40

599 23 4
                                        

Delapan Belas Tahun Kemudian

Kami tinggal di Florida. Kami menempati rumah berlantai dua. Tidak terlalu besar, tetapi memiliki interior modern yang indah. Taman depannya dipangkas rapi oleh pelayan yang dibayar Hugo setiap bulan untuk merapikannya. Kami memiliki halaman belakang yang luas, ditumbuhi rumput hijau pendek dan belum tahu akan digunakan untuk apa.

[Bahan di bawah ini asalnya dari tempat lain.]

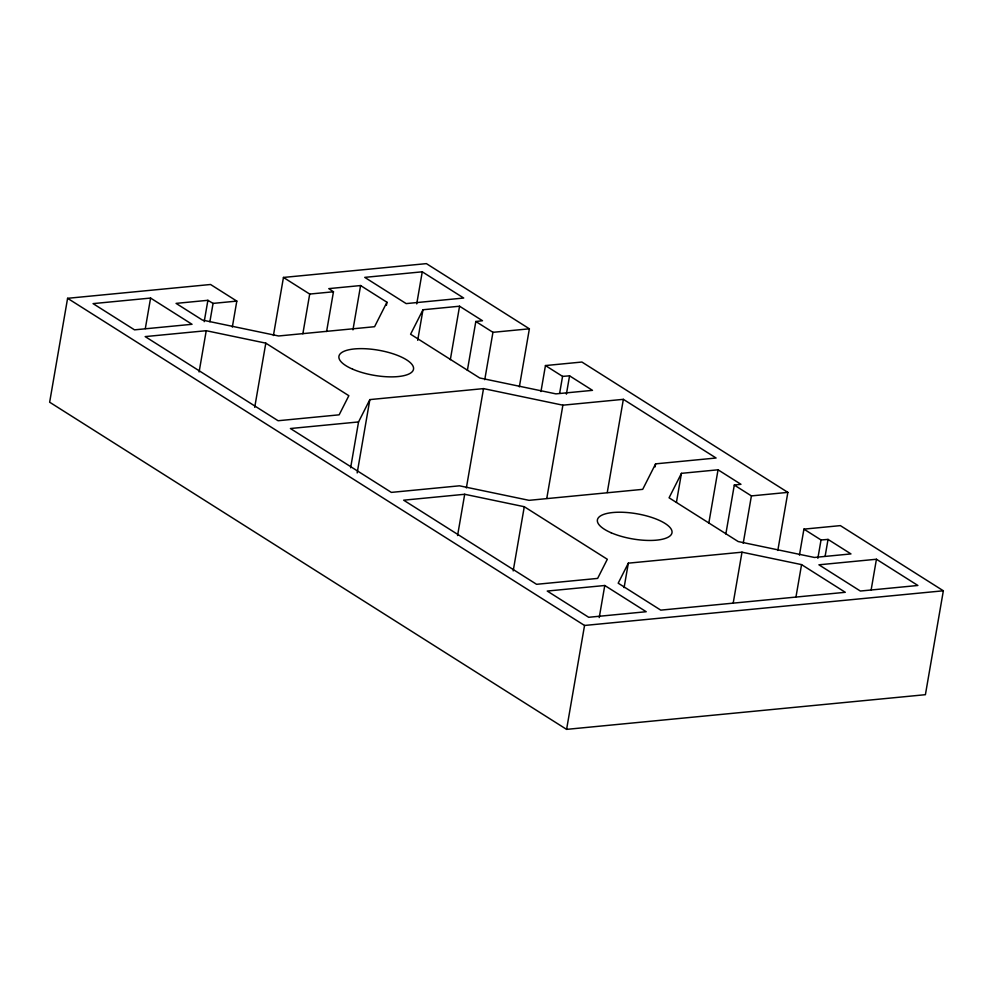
<?xml version="1.0" encoding="UTF-8"?>
<svg xmlns="http://www.w3.org/2000/svg" width="993" height="993" viewBox="0 0 993 993"><rect width="100%" height="100%" fill="white"/><g stroke="black" fill="none" stroke-linecap="round" stroke-linejoin="round"><path stroke-width="1.49" d="M232.325 327.082L236.806 301.102L210.553 284.494L67.598 298.31L49.65 402.215L566.593 729.371L925.402 694.69L943.35 590.785L840.376 525.62L803.92 529.132L799.439 555.112M145.313 328.621L150.588 298.061L93.069 303.622L134.514 329.85L192.034 324.289L150.588 298.061M204.198 321.707L207.897 300.308L176.071 303.386L202.423 320.069L278.623 335.982L374.572 326.709L386.947 302.232L360.596 285.55L328.782 288.628L333.462 291.768L326.598 331.501M199.109 371.953L206.234 330.706L265.801 343.144L348.841 395.698L339.159 414.826L278.102 420.734L145.177 336.602L206.234 330.706M209.883 321.744L213.061 303.399L207.897 300.308M254.717 407.316L265.801 343.144M273.423 335.51L283.452 277.444L426.407 263.629L529.381 328.807L519.351 386.86M302.853 333.797L309.704 294.065L283.452 277.444M352.949 329.862L360.596 285.55M350.628 467.777L358.547 421.938L369.855 399.596L483.517 388.611L562.882 405.181L623.356 399.335L716.09 458.009L655.603 463.855L642.707 489.35L529.046 500.335L459.474 485.813L391.341 492.391L290.415 428.517L358.547 421.938M357.182 472.941L369.855 399.596M386.426 305.285L386.947 302.232M416.725 303.895L422.261 271.809L364.741 277.37L406.174 303.597L463.706 298.037L422.261 271.809M417.705 340.314L422.981 309.754L459.56 306.216L482.486 320.727L475.821 321.496L467.38 370.389M450.325 359.702L459.56 306.216M457.574 535.537L464.699 494.278L524.279 506.715L607.319 559.27L597.637 578.41L536.58 584.306L403.654 500.187L464.699 494.278M484.758 379.698L492.938 332.32L475.821 321.496M466.362 487.923L483.517 388.611M540.962 391.54L545.455 365.561L581.898 362.035L787.859 492.379L777.829 550.445M513.195 570.901L524.279 506.715M559.655 393.191L562.559 376.384L545.455 365.561M546.783 498.387L562.882 405.181M566.395 394.171L569.56 375.838L562.559 376.384M607.257 492.54L623.356 399.335M566.593 729.371L584.542 625.466L67.598 298.31M599.226 617.584L604.774 585.498L547.242 591.058L588.688 617.286L646.207 611.725L604.774 585.498M624.101 587.62L628.321 563.168L741.994 552.182L801.562 564.62L845.291 592.3L660.767 610.136L618.192 583.189L628.321 563.168M655.082 466.909L655.603 463.855M676.432 502.359L681.446 473.338L718.038 469.801L740.952 484.299L734.299 485.068L725.846 533.973M708.791 523.274L718.038 469.801M743.223 543.27L751.403 495.904L734.299 485.068M733.281 602.614L741.994 552.182M796.014 596.706L801.562 564.62M817.86 558.302L821.037 539.969L803.92 529.132M825.133 556.229L828.038 539.41L821.037 539.969M871.159 589.805L876.434 559.245L818.915 564.806L860.348 591.034L917.88 585.473L876.434 559.245M422.981 309.754L410.593 334.231L479.706 377.973L555.906 393.873L592.486 390.348L569.56 375.838M681.446 473.338L669.071 497.803L738.184 541.545L814.384 557.458L850.964 553.92L828.038 539.41M213.061 303.399L236.806 301.102M309.704 294.065L333.462 291.768M492.938 332.32L529.381 328.807M751.403 495.904L787.859 492.379M584.542 625.466L943.35 590.785M352.614 369.16A37.833 12.748 9.8 0 0 413.1 370.451A37.833 12.748 9.8 0 0 362.991 348.655A37.833 12.748 9.8 0 0 352.614 369.16M611.092 532.745A37.833 12.748 9.8 0 0 671.566 534.035A37.833 12.748 9.8 0 0 621.469 512.239A37.833 12.748 9.8 0 0 611.092 532.745"/></g></svg>

Sementara itu Hugo bekerja sebagai konsultan bisnis di perusahaan cabang milik pamannya. Dia memulai dari gaji yang tidak terlalu besar, tetapi cukup membeli rumah yang sama setiap bulannya jika dia mau. Lagipula Hugo begitu pandai dan giat. Dia menjadi dosen, menerima tawaran seminar dan ikut melakukan penelitian. Uang-uang itu diinvestasikannya dalam bentuk saham, obligasi dan beberapa real estate.

Hugo mungkin boros. Dia menghadiahiku pakaian bagus atau perhiasan mahal setiap menerima gaji, tetapi dia juga pandai memutarnya sehingga menghasilkan lebih banyak uang. Hugo bahkan membuka akun tambahan atas nama puteriku dan mengisinya setiap bulan. Namun Hugo tidak sepeduli itu pada puteraku Joshua yang memiliki kemiripan dengan wajah Kaigan.

Joshua masih tujuh belas tahun, tetapi dia telah terlibat dalam banyak perkelahian yang membuatnya tidak disukai. Dia melawan Hugo dan keras kepala. Hugo terang-terangan bilang kalau dia tidak menyukai Joshua. Namun Jasmine adalah kesayangan Hugo. Anak itu patuh, meskipun tidak terlalu pintar. Dia suka melukis dan pergi ke pantai. Kata Hugo, Jasmine sepertiku. Cantik, rapuh dan lugu. Jadi dia menyayanginya.

Aku sejujurnya tidak berharap banyak untuk pernikahan kami. Namun siapa yang mengira kalau pernikahan kami sudah delapan belas tahun berlangsung.

"Kau tidak bisa pergi study tour!"

"Kenapa tidak? Mom tidak melarang."

"Dia akan melarang begitu tahu, karena kau pasti akan membuat masalah. Kami tahu itu, Joshua!"

Aku menurunkan kacamata hitamku. Aku baru melakukan pemotretan untuk sebuah brand kosmetik. Hugo tidak melarangku melakukan hal ini, meskipun dia jelas memberikanku uang yang cukup setiap bulannya.

"Aku bahkan tidak meminta uang atau pendapamu? Aku hanya memberitahu."

"Joshua, jaga ucapanmu." Jasmine berkata ngeri. Dia jelas tidak menyukai keributan.

"Ada apa ini?"

"Aku akan pergi study tour, Mom!" Joshua langsung bicara ketika melihatku.

"California," kata Hugo. "Itu tidak dekat dan dia jelas akan membuat masalah."

"Mom, kau tidak mungkin mendengarkannya. Lagipula semua temanku pergi. Mengapa aku tidak boleh?"

"California itu cukup jauh." Aku setuju dengan ucapan Hugo.

"Kami bersama Mr.Makenzie. Aku akan aman. Aku bisa mengurus diriku. Mom hanya perlu menandatangani suratnya."

"Aku tidak akan mengizinkannya." Hugo bersikeras.

"Sudah aku katakan aku tidak membutuhkan pendapatmu."

"Mom, aku juga diminta untuk pergi study tour ke California." Jasmine angkat bicara.

"Kau tidak bisa melakukannya, Jasmine. Meskipun Dad menyayangmu, Dad tidak akan mengizinkannya."

Jasmine hanya diam. Dia tidak akan membantah seperti Joshua. Jika dia memiliki pendapat, dia juga akan mengatakannya dengan benar.

"Apakah kita bisa makan malam dulu? Mom sangat lapar."

Joshua meraih tasku, membawanya ke ruang makan, tetapi wajahnya terlanjur tidak enak dilihat. Suasana hatinya seburuk ekspresi Hugo.